DATA PROVIDED:
--------
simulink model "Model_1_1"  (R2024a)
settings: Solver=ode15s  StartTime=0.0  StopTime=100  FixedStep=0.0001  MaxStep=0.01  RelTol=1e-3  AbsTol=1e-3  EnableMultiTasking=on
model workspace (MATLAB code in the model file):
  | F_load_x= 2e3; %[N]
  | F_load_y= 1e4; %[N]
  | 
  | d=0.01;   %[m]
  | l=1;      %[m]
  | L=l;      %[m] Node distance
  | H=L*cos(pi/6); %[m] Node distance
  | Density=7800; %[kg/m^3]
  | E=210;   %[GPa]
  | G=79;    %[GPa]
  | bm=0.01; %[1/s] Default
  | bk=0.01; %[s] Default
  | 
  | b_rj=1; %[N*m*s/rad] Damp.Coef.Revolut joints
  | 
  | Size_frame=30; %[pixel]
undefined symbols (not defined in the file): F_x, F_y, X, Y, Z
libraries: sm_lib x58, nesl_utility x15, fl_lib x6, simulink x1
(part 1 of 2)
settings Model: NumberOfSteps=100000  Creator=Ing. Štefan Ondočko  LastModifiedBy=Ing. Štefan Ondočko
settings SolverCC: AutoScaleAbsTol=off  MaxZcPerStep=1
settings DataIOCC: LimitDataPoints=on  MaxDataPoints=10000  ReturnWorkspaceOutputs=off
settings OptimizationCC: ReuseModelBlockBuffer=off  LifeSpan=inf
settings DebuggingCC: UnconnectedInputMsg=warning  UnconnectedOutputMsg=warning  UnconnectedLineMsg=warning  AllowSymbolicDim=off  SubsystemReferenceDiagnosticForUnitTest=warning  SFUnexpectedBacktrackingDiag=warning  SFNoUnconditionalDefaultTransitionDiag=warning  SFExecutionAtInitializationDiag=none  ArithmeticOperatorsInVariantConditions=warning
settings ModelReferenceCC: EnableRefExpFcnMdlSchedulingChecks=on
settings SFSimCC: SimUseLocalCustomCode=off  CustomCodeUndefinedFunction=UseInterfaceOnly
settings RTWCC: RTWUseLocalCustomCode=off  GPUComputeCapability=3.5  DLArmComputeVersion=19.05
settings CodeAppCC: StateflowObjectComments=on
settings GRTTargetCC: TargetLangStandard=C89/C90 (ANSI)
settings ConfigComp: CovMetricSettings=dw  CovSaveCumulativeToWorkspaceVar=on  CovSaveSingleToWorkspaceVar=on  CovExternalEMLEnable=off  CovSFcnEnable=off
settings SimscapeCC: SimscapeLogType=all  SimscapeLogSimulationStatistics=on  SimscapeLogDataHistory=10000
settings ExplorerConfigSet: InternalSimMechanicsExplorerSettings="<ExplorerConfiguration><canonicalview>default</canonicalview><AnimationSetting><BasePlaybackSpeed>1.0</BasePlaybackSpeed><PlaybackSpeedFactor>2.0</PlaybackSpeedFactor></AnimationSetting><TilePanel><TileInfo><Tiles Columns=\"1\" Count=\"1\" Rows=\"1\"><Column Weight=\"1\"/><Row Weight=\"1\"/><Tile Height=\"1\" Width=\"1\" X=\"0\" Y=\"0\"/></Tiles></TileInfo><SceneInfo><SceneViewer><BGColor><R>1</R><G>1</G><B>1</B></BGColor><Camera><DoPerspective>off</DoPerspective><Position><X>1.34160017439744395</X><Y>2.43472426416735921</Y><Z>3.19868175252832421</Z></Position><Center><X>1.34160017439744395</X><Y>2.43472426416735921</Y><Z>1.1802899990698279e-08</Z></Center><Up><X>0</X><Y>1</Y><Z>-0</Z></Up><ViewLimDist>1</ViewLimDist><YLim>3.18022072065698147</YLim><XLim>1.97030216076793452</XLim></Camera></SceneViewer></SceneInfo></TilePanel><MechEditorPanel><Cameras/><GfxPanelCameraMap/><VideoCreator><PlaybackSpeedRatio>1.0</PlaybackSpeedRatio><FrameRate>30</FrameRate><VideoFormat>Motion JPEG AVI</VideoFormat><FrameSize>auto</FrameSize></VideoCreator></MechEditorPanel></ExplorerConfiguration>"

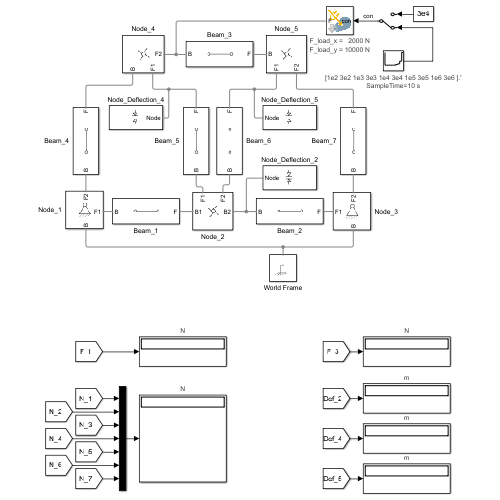
[thumbnail: Simulink's stored preview of the top-level diagram]
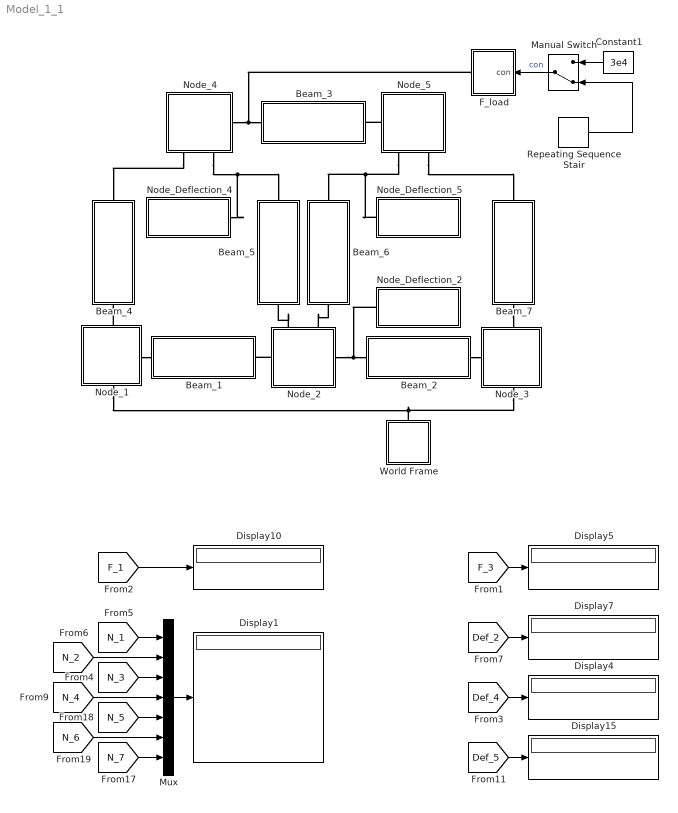
== system Model_1_1 ==
  Beam_1 : Subsystem
  Beam_2 : Subsystem
  Beam_3 : Subsystem
  Beam_4 : Subsystem
  Beam_5 : Subsystem
  Beam_6 : Subsystem
  Beam_7 : Subsystem
  Constant1 : Constant  Value=3e4
  Display{1,4..5,7,10,15} (6 alike) : Display
      Display1 settings: Description=N  AttributesFormatString=%<Description>  Format=long_e
      Display10 settings: Description=N  AttributesFormatString=%<Description>  Format=long_e
      Display15 settings: Description=m  AttributesFormatString=%<Description>  Format=long_e
      Display4 settings: Description=m  AttributesFormatString=%<Description>  Format=long_e
      Display5 settings: Description=N  AttributesFormatString=%<Description>  Format=long_e
      Display7 settings: Description=m  AttributesFormatString=%<Description>  Format=long_e
  F_load : Subsystem  mask{Fx=F_load_x, Fy=F_load_y, F=norm([F_x F_y])}
      mask prompts: Fx "Load Fx (N)"; Fy "Load Fy (N)"; F "Load F (N)"
      settings: AttributesFormatString=|
      | %<Fx> =   2000 N
      | %<Fy> = 10000 N
      mask Display: image('D:sila_F.png');
  Manual Switch : ManualSwitch  CurrentSetting=0
  Mux : Mux  Inputs=7
  Node_1 : Subsystem
      settings: PortSchema="{\"entries\":[{\"content\":{\"sides\":[{\"content\":{},\"type\":\"ConnectorPlacement.EquallySpacedRectSide\",\"uuid\":\"d437545a-b6cd-405c-92f5-dfd428dd316c\"},{\"content\":{\"connectorIds\":[\"RConn1\"],\"side\":\"RIGHT\"},\"type\":\"ConnectorPlacement.EquallySpacedRectSide\",\"uuid\":\"a6c866cb-015a-4ba6-a725-1ad5f0a48a96\"},{\"content\":{\"connectorIds\":[\"LConn1\"],\"side\":\"TOP\"},\"type\":\"ConnectorPlacement.EquallySpacedRectSide\",\"uuid\":\"8c34f49c-4b46-4dd5-857b-cc1f00e0721b\"},{\"content\":{\"connectorIds\":[\"RConn2\"],\"side\":\"BOTTOM\"},\"type\":\"ConnectorPlacement.EquallySpacedRectSide\",\"uuid\":\"e1836308-c472-4635-822e-d84e1319bcc1\"}]},\"type\":\"ConnectorPlacement.EquallySpacedConnector\",\"uuid\":\"28d0e514-5749-47ac-8c9d-469c58f8fea4\"}],\"packageUris\":[\"http://schema.mathworks.com/mf0/Connector/R2020b\"],\"version\":\"1.0\"}"
  Node_2 : Subsystem
      settings: PortSchema="{\"entries\":[{\"content\":{\"sides\":[{\"content\":{\"connectorIds\":[\"LConn1\"]},\"type\":\"ConnectorPlacement.EquallySpacedRectSide\",\"uuid\":\"afef6c51-8d1a-46bc-b1c6-0f4974bd4a7e\"},{\"content\":{\"connectorIds\":[\"RConn1\"],\"side\":\"RIGHT\"},\"type\":\"ConnectorPlacement.EquallySpacedRectSide\",\"uuid\":\"d0b349a1-0497-425d-af85-a98150ab0495\"},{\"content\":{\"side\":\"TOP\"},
--------
TASK BRIEF: Will you set down the records word for word while leaving out every picture?

SOLUTION TO THIS TASK:
simulink model "Model_1_1"  (R2024a)
settings: Solver=ode15s  StartTime=0.0  StopTime=100  FixedStep=0.0001  MaxStep=0.01  RelTol=1e-3  AbsTol=1e-3  EnableMultiTasking=on
model workspace (MATLAB code in the model file):
  | F_load_x= 2e3; %[N]
  | F_load_y= 1e4; %[N]
  | 
  | d=0.01;   %[m]
  | l=1;      %[m]
  | L=l;      %[m] Node distance
  | H=L*cos(pi/6); %[m] Node distance
  | Density=7800; %[kg/m^3]
  | E=210;   %[GPa]
  | G=79;    %[GPa]
  | bm=0.01; %[1/s] Default
  | bk=0.01; %[s] Default
  | 
  | b_rj=1; %[N*m*s/rad] Damp.Coef.Revolut joints
  | 
  | Size_frame=30; %[pixel]
undefined symbols (not defined in the file): F_x, F_y, X, Y, Z
libraries: sm_lib x58, nesl_utility x15, fl_lib x6, simulink x1
(part 1 of 2)
settings Model: NumberOfSteps=100000  Creator=Ing. Štefan Ondočko  LastModifiedBy=Ing. Štefan Ondočko
settings SolverCC: AutoScaleAbsTol=off  MaxZcPerStep=1
settings DataIOCC: LimitDataPoints=on  MaxDataPoints=10000  ReturnWorkspaceOutputs=off
settings OptimizationCC: ReuseModelBlockBuffer=off  LifeSpan=inf
settings DebuggingCC: UnconnectedInputMsg=warning  UnconnectedOutputMsg=warning  UnconnectedLineMsg=warning  AllowSymbolicDim=off  SubsystemReferenceDiagnosticForUnitTest=warning  SFUnexpectedBacktrackingDiag=warning  SFNoUnconditionalDefaultTransitionDiag=warning  SFExecutionAtInitializationDiag=none  ArithmeticOperatorsInVariantConditions=warning
settings ModelReferenceCC: EnableRefExpFcnMdlSchedulingChecks=on
settings SFSimCC: SimUseLocalCustomCode=off  CustomCodeUndefinedFunction=UseInterfaceOnly
settings RTWCC: RTWUseLocalCustomCode=off  GPUComputeCapability=3.5  DLArmComputeVersion=19.05
settings CodeAppCC: StateflowObjectComments=on
settings GRTTargetCC: TargetLangStandard=C89/C90 (ANSI)
settings ConfigComp: CovMetricSettings=dw  CovSaveCumulativeToWorkspaceVar=on  CovSaveSingleToWorkspaceVar=on  CovExternalEMLEnable=off  CovSFcnEnable=off
settings SimscapeCC: SimscapeLogType=all  SimscapeLogSimulationStatistics=on  SimscapeLogDataHistory=10000
settings ExplorerConfigSet: InternalSimMechanicsExplorerSettings="<ExplorerConfiguration><canonicalview>default</canonicalview><AnimationSetting><BasePlaybackSpeed>1.0</BasePlaybackSpeed><PlaybackSpeedFactor>2.0</PlaybackSpeedFactor></AnimationSetting><TilePanel><TileInfo><Tiles Columns=\"1\" Count=\"1\" Rows=\"1\"><Column Weight=\"1\"/><Row Weight=\"1\"/><Tile Height=\"1\" Width=\"1\" X=\"0\" Y=\"0\"/></Tiles></TileInfo><SceneInfo><SceneViewer><BGColor><R>1</R><G>1</G><B>1</B></BGColor><Camera><DoPerspective>off</DoPerspective><Position><X>1.34160017439744395</X><Y>2.43472426416735921</Y><Z>3.19868175252832421</Z></Position><Center><X>1.34160017439744395</X><Y>2.43472426416735921</Y><Z>1.1802899990698279e-08</Z></Center><Up><X>0</X><Y>1</Y><Z>-0</Z></Up><ViewLimDist>1</ViewLimDist><YLim>3.18022072065698147</YLim><XLim>1.97030216076793452</XLim></Camera></SceneViewer></SceneInfo></TilePanel><MechEditorPanel><Cameras/><GfxPanelCameraMap/><VideoCreator><PlaybackSpeedRatio>1.0</PlaybackSpeedRatio><FrameRate>30</FrameRate><VideoFormat>Motion JPEG AVI</VideoFormat><FrameSize>auto</FrameSize></VideoCreator></MechEditorPanel></ExplorerConfiguration>"

[thumbnail: Simulink's stored preview of the top-level diagram]
== system Model_1_1 ==
  Beam_1 : Subsystem
  Beam_2 : Subsystem
  Beam_3 : Subsystem
  Beam_4 : Subsystem
  Beam_5 : Subsystem
  Beam_6 : Subsystem
  Beam_7 : Subsystem
  Constant1 : Constant  Value=3e4
  Display{1,4..5,7,10,15} (6 alike) : Display
      Display1 settings: Description=N  AttributesFormatString=%<Description>  Format=long_e
      Display10 settings: Description=N  AttributesFormatString=%<Description>  Format=long_e
      Display15 settings: Description=m  AttributesFormatString=%<Description>  Format=long_e
      Display4 settings: Description=m  AttributesFormatString=%<Description>  Format=long_e
      Display5 settings: Description=N  AttributesFormatString=%<Description>  Format=long_e
      Display7 settings: Description=m  AttributesFormatString=%<Description>  Format=long_e
  F_load : Subsystem  mask{Fx=F_load_x, Fy=F_load_y, F=norm([F_x F_y])}
      mask prompts: Fx "Load Fx (N)"; Fy "Load Fy (N)"; F "Load F (N)"
      settings: AttributesFormatString=|
      | %<Fx> =   2000 N
      | %<Fy> = 10000 N
      mask Display: image('D:sila_F.png');
  Manual Switch : ManualSwitch  CurrentSetting=0
  Mux : Mux  Inputs=7
  Node_1 : Subsystem
      settings: PortSchema="{\"entries\":[{\"content\":{\"sides\":[{\"content\":{},\"type\":\"ConnectorPlacement.EquallySpacedRectSide\",\"uuid\":\"d437545a-b6cd-405c-92f5-dfd428dd316c\"},{\"content\":{\"connectorIds\":[\"RConn1\"],\"side\":\"RIGHT\"},\"type\":\"ConnectorPlacement.EquallySpacedRectSide\",\"uuid\":\"a6c866cb-015a-4ba6-a725-1ad5f0a48a96\"},{\"content\":{\"connectorIds\":[\"LConn1\"],\"side\":\"TOP\"},\"type\":\"ConnectorPlacement.EquallySpacedRectSide\",\"uuid\":\"8c34f49c-4b46-4dd5-857b-cc1f00e0721b\"},{\"content\":{\"connectorIds\":[\"RConn2\"],\"side\":\"BOTTOM\"},\"type\":\"ConnectorPlacement.EquallySpacedRectSide\",\"uuid\":\"e1836308-c472-4635-822e-d84e1319bcc1\"}]},\"type\":\"ConnectorPlacement.EquallySpacedConnector\",\"uuid\":\"28d0e514-5749-47ac-8c9d-469c58f8fea4\"}],\"packageUris\":[\"http://schema.mathworks.com/mf0/Connector/R2020b\"],\"version\":\"1.0\"}"
  Node_2 : Subsystem
      settings: PortSchema="{\"entries\":[{\"content\":{\"sides\":[{\"content\":{\"connectorIds\":[\"LConn1\"]},\"type\":\"ConnectorPlacement.EquallySpacedRectSide\",\"uuid\":\"afef6c51-8d1a-46bc-b1c6-0f4974bd4a7e\"},{\"content\":{\"connectorIds\":[\"RConn1\"],\"side\":\"RIGHT\"},\"type\":\"ConnectorPlacement.EquallySpacedRectSide\",\"uuid\":\"d0b349a1-0497-425d-af85-a98150ab0495\"},{\"content\":{\"side\":\"TOP\"},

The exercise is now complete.